[[ Extracted entries open ]]
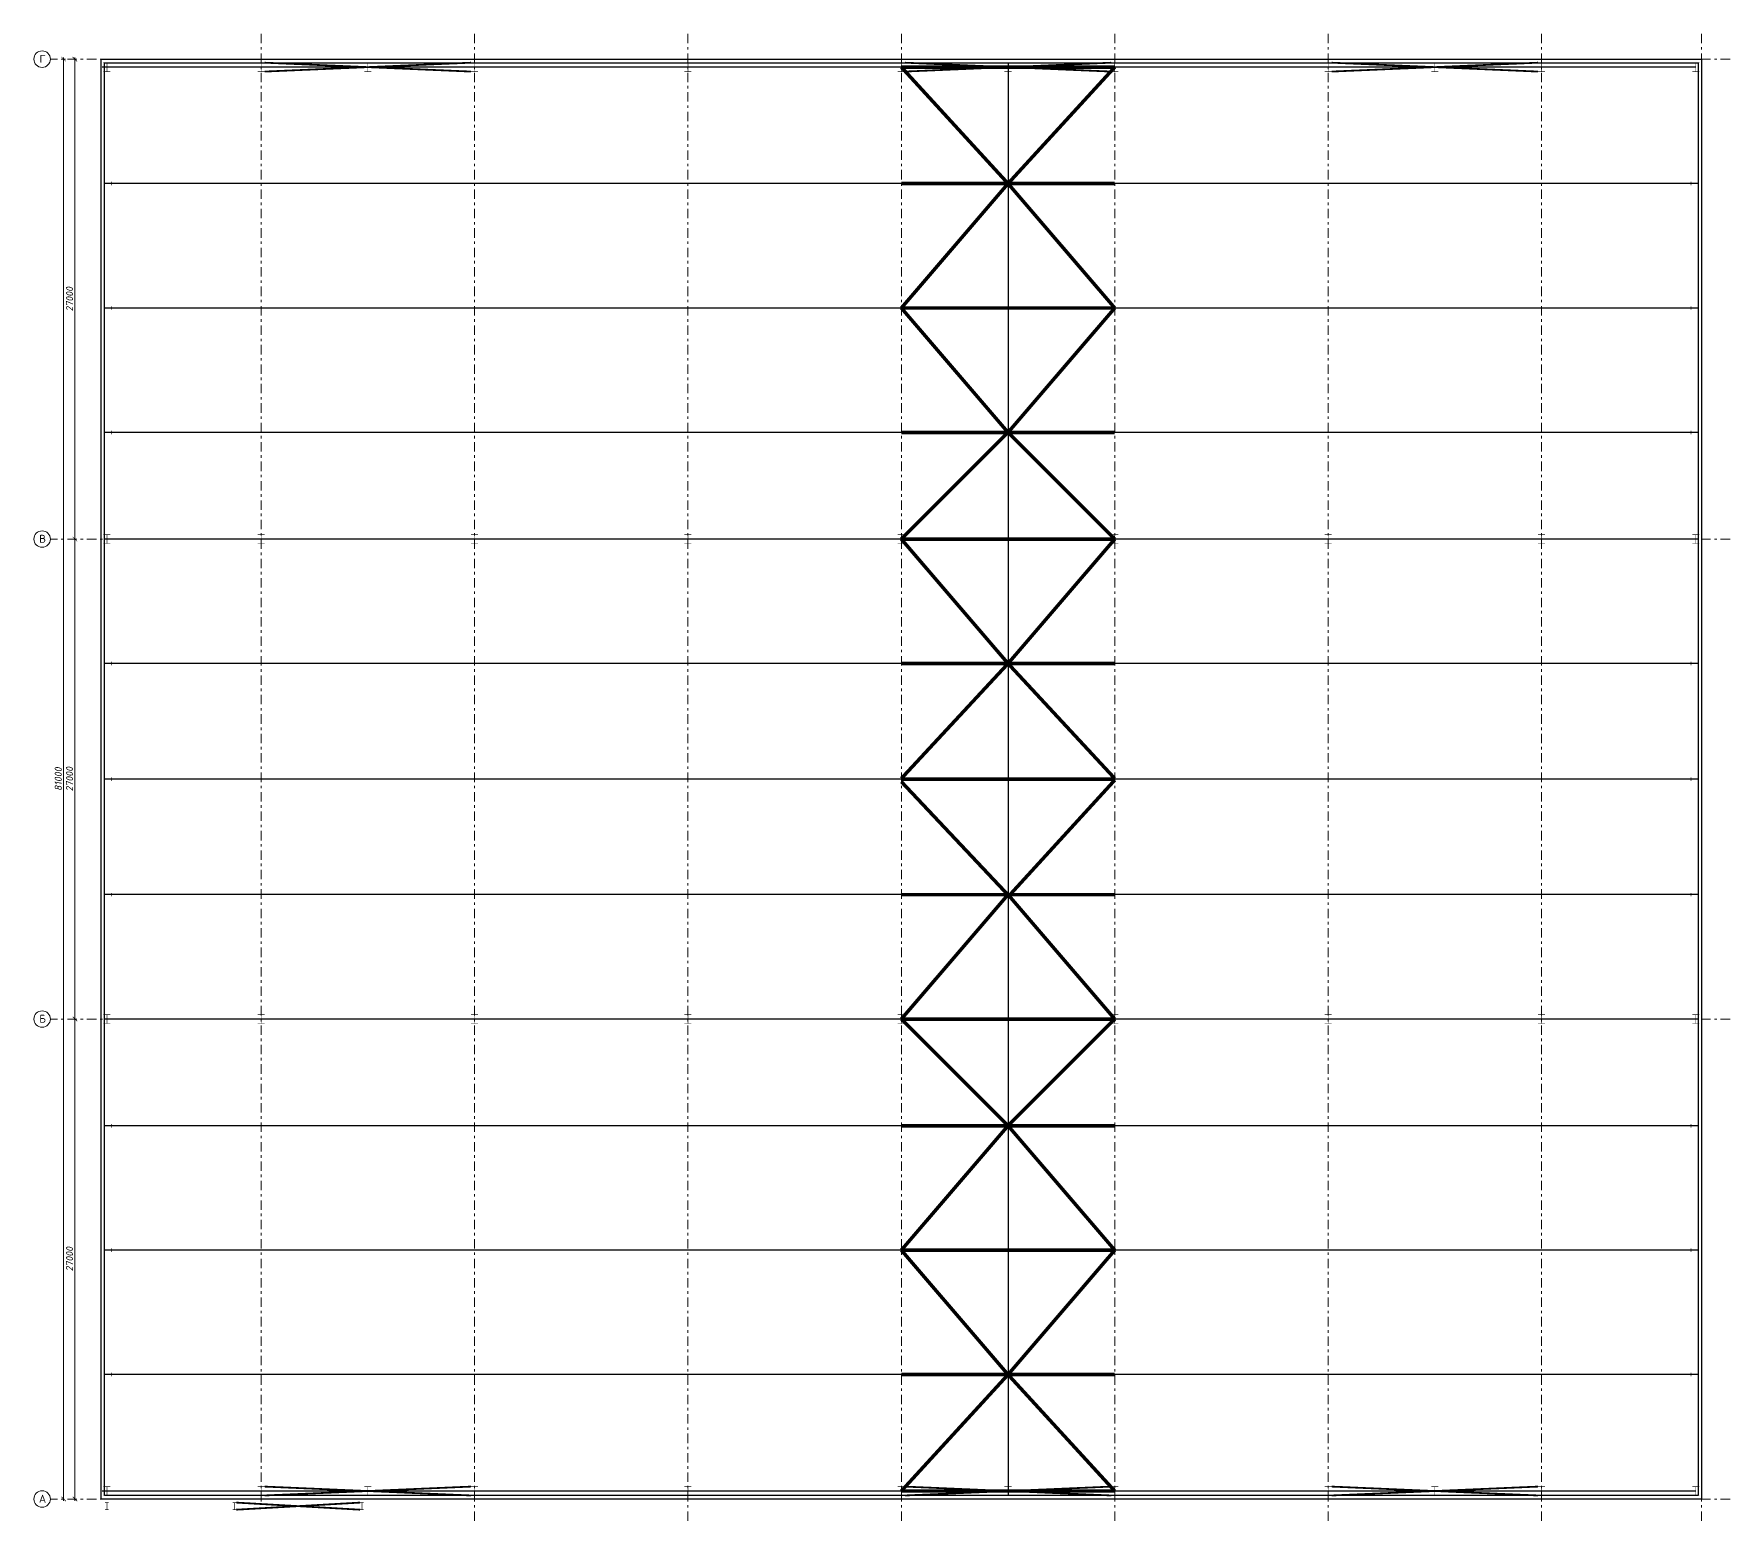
# Model space of a CAD drawing. Header units: millimetres. Extents: x -2648 to 2168491, y -277796 to 297800.
# Drawn here: x 312062 to 407435, y 214028 to 297800 of the extents above; entities that cross this region are included whole.
import ezdxf
from ezdxf.enums import TextEntityAlignment as Align

# ---------------------------------------------------------------- set-up
doc = ezdxf.new("R2010")
doc.units = ezdxf.units.MM
doc.linetypes.add('Штрихштриховая', pattern=[1093.611073, 529.166651, -211.666656, 141.111112, -211.666656])
doc.layers.get('0').update_dxf_attribs({"lineweight": 0})
doc.layers.get('Defpoints').update_dxf_attribs({"color": 252})
doc.layers.add('Axes', color=1, linetype='Continuous')
for name, color, linetype, lineweight in [('Bracing', 6, 'Continuous', 0), ('Dimension', 162, 'Continuous', 25), ('я_12', 1, 'Continuous', 20)]:
    doc.layers.add(name, color=color, linetype=linetype, lineweight=lineweight)
doc.styles.add('Лена', font='isocpeur.ttf', dxfattribs={"oblique": 10})
doc.dimstyles.new('S-100', dxfattribs={"dimscale": 100, "dimtxt": 1, "dimasz": 1.5, "dimexe": 1, "dimexo": 1, "dimgap": 1, "dimtad": 1, "dimdec": 0, "dimzin": 0, "dimdsep": 46, "dimtxsty": 'Лена', "dimblk": 'ARCHTICK', "dimcen": 2, "dimdle": 1, "dimclrd": 256, "dimclre": 256, "dimclrt": 256, "dimadec": 0, "dimazin": 0, "dimtfac": 1, "dimtdec": 0, "dimtmove": 1, "dimatfit": 2, "dimfxl": 1, "dimtolj": 1, "dimtzin": 0, "dimlwd": 20, "dimlwe": 20, "dimarcsym": 0})

# ---------------------------------------------------------------- blocks, each defined once
blk = doc.blocks.new('_ArchTick')
at = {"color": 0, "linetype": 'ByBlock', "const_width": 0.15}
blk.add_lwpolyline([(-0.5, -0.5), (0.5, 0.5)], dxfattribs=at)
blk = doc.blocks.new('*D318')
at = {"layer": 'Defpoints', "color": 0, "lineweight": -2, "ltscale": 100, "transparency": 16777216}
for p in [(312986, 242381), (312986, 215381), (314368, 215381)]:
    blk.add_point(p, dxfattribs=at)
at = {"layer": 'Dimension', "lineweight": 20, "ltscale": 100, "transparency": 16777216}
for p, q in [((314268, 242381), (314468, 242381)), ((314368, 242481), (314368, 215281)), ((314268, 215381), (314468, 215381))]:
    blk.add_line(p, q, dxfattribs=at)
at = {"layer": 'Dimension', "lineweight": 20, "ltscale": 100, "transparency": 16777216, "xscale": 250, "yscale": 250, "zscale": 250}
for p, rotation in [((314368, 242381), 90), ((314368, 215381), 270)]:
    blk.add_blockref('_ArchTick', p, dxfattribs=dict(at, rotation=rotation))
at = {"layer": 'Dimension', "lineweight": -2, "ltscale": 100, "transparency": 16777216, "insert": (314068, 228881), "char_height": 400, "attachment_point": 5, "rotation": 90, "style": 'Лена'}
blk.add_mtext('\\A1;27000', dxfattribs=at)
blk = doc.blocks.new('*D319')
at = {"layer": 'Defpoints', "color": 0, "lineweight": -2, "ltscale": 100, "transparency": 16777216}
for p in [(312986, 296381), (313732, 215381), (313859, 215381)]:
    blk.add_point(p, dxfattribs=at)
at = {"layer": 'Dimension', "lineweight": 20, "ltscale": 100, "transparency": 16777216}
for p, q in [((313632, 296381), (313832, 296381)), ((313732, 296481), (313732, 215281)), ((313759, 215381), (313632, 215381))]:
    blk.add_line(p, q, dxfattribs=at)
at = {"layer": 'Dimension', "lineweight": 20, "ltscale": 100, "transparency": 16777216, "xscale": 250, "yscale": 250, "zscale": 250}
for p, rotation in [((313732, 296381), 90), ((313732, 215381), 270)]:
    blk.add_blockref('_ArchTick', p, dxfattribs=dict(at, rotation=rotation))
at = {"layer": 'Dimension', "lineweight": -2, "ltscale": 100, "transparency": 16777216, "insert": (313432, 255881), "char_height": 400, "attachment_point": 5, "rotation": 90, "style": 'Лена'}
blk.add_mtext('\\A1;81000', dxfattribs=at)
blk = doc.blocks.new('*D320')
at = {"layer": 'Defpoints', "color": 0, "lineweight": -2, "ltscale": 100, "transparency": 16777216}
for p in [(312986, 269381), (312986, 242381), (314368, 242381)]:
    blk.add_point(p, dxfattribs=at)
at = {"layer": 'Dimension', "lineweight": 20, "ltscale": 100, "transparency": 16777216}
for p, q in [((314268, 269381), (314468, 269381)), ((314368, 269481), (314368, 242281)), ((314268, 242381), (314468, 242381))]:
    blk.add_line(p, q, dxfattribs=at)
at = {"layer": 'Dimension', "lineweight": 20, "ltscale": 100, "transparency": 16777216, "xscale": 250, "yscale": 250, "zscale": 250}
for p, rotation in [((314368, 269381), 90), ((314368, 242381), 270)]:
    blk.add_blockref('_ArchTick', p, dxfattribs=dict(at, rotation=rotation))
at = {"layer": 'Dimension', "lineweight": -2, "ltscale": 100, "transparency": 16777216, "insert": (314068, 255881), "char_height": 400, "attachment_point": 5, "rotation": 90, "style": 'Лена'}
blk.add_mtext('\\A1;27000', dxfattribs=at)
blk = doc.blocks.new('*D321')
at = {"layer": 'Defpoints', "color": 0, "lineweight": -2, "ltscale": 100, "transparency": 16777216}
for p in [(312986, 296381), (312986, 269381), (314368, 269381)]:
    blk.add_point(p, dxfattribs=at)
at = {"layer": 'Dimension', "lineweight": 20, "ltscale": 100, "transparency": 16777216}
for p, q in [((314268, 296381), (314468, 296381)), ((314368, 296481), (314368, 269281)), ((314268, 269381), (314468, 269381))]:
    blk.add_line(p, q, dxfattribs=at)
at = {"layer": 'Dimension', "lineweight": 20, "ltscale": 100, "transparency": 16777216, "xscale": 250, "yscale": 250, "zscale": 250}
for p, rotation in [((314368, 296381), 90), ((314368, 269381), 270)]:
    blk.add_blockref('_ArchTick', p, dxfattribs=dict(at, rotation=rotation))
at = {"layer": 'Dimension', "lineweight": -2, "ltscale": 100, "transparency": 16777216, "insert": (314068, 282881), "char_height": 400, "attachment_point": 5, "rotation": 90, "style": 'Лена'}
blk.add_mtext('\\A1;27000', dxfattribs=at)

msp = doc.modelspace()

# ---------------------------------------------------------------- linework, layer by layer
at = {"lineweight": -2, "ltscale": 100}
for p, q in [((405506.3, 295931.3), (315906.3, 295931.3)), ((366836.3, 296181.3), (366836.3, 215581.3)), ((405636.3, 289381.3), (316036.3, 289381.3)), ((405636.3, 282381.3), (316036.3, 282381.3)), ((405636.3, 275381.3), (316036.3, 275381.3)), ((405636.3, 269381.3), (316036.3, 269381.3)), ((405636.3, 262381.3), (316036.3, 262381.3)), ((405636.3, 255881.3), (316036.3, 255881.3)), ((405636.3, 249381.3), (316036.3, 249381.3)), ((405636.3, 242381.3), (316036.3, 242381.3)), ((405636.3, 236381.3), (316036.3, 236381.3)), ((405636.3, 229381.3), (316036.3, 229381.3)), ((405636.3, 222381.3), (316036.3, 222381.3)), ((405506.3, 215831.3), (315906.3, 215831.3))]:
    msp.add_line(p, q, dxfattribs=at)
for points in [[(315836.3, 296381.3), (405836.3, 296381.3), (405836.3, 215381.3), (315836.3, 215381.3)], [(316036.3, 296181.3), (405636.3, 296181.3), (405636.3, 215581.3), (316036.3, 215581.3)]]:
    msp.add_lwpolyline(points, close=True, dxfattribs=at)
for points, const_width in [([(315966.3, 296181.3), (316366.3, 296181.3)], 30), ([(315966.3, 295681.3), (316366.3, 295681.3)], 30), ([(316166.3, 296181.3), (316166.3, 295681.3)], 30), ([(324636.3, 296181.3), (325036.3, 296181.3)], 30), ([(324636.3, 295681.3), (325036.3, 295681.3)], 30), ([(324836.3, 296181.3), (324836.3, 295681.3)], 30), ([(330636.3, 296181.3), (331036.3, 296181.3)], 30), ([(330636.3, 295681.3), (331036.3, 295681.3)], 30), ([(330836.3, 296181.3), (330836.3, 295681.3)], 30), ([(336636.3, 296181.3), (337036.3, 296181.3)], 30), ([(336636.3, 295681.3), (337036.3, 295681.3)], 30), ([(336836.3, 296181.3), (336836.3, 295681.3)], 30), ([(348636.3, 296181.3), (349036.3, 296181.3)], 30), ([(348636.3, 295681.3), (349036.3, 295681.3)], 30), ([(348836.3, 296181.3), (348836.3, 295681.3)], 30), ([(360636.3, 296181.3), (361036.3, 296181.3)], 30), ([(360636.3, 295681.3), (361036.3, 295681.3)], 30), ([(360836.3, 295931.3), (372836.3, 295931.3)], 200), ([(360836.3, 295931.3), (366836.3, 289381.3)], 200), ([(360836.3, 296181.3), (360836.3, 295681.3)], 30), ([(366636.3, 296181.3), (367036.3, 296181.3)], 30), ([(366636.3, 295681.3), (367036.3, 295681.3)], 30), ([(372836.3, 295931.3), (366836.3, 289381.3)], 200), ([(366836.3, 296181.3), (366836.3, 295681.3)], 30), ([(372636.3, 296181.3), (373036.3, 296181.3)], 30), ([(372636.3, 295681.3), (373036.3, 295681.3)], 30), ([(372836.3, 296181.3), (372836.3, 295681.3)], 30), ([(384636.3, 296181.3), (385036.3, 296181.3)], 30), ([(384636.3, 295681.3), (385036.3, 295681.3)], 30), ([(384836.3, 296181.3), (384836.3, 295681.3)], 30), ([(390636.3, 296181.3), (391036.3, 296181.3)], 30), ([(390636.3, 295681.3), (391036.3, 295681.3)], 30), ([(390836.3, 296181.3), (390836.3, 295681.3)], 30), ([(396636.3, 296181.3), (397036.3, 296181.3)], 30), ([(396636.3, 295681.3), (397036.3, 295681.3)], 30), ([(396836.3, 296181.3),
[[ Extracted entries closed ]]
**Directions:** Word for word, write out the lines from the top of the records above down to the line holding "import ezdxf", inclusive, but not the pictures.

**Solution for this task:**
# Model space of a CAD drawing. Header units: millimetres. Extents: x -2648 to 2168491, y -277796 to 297800.
# Drawn here: x 312062 to 407435, y 214028 to 297800 of the extents above; entities that cross this region are included whole.
import ezdxf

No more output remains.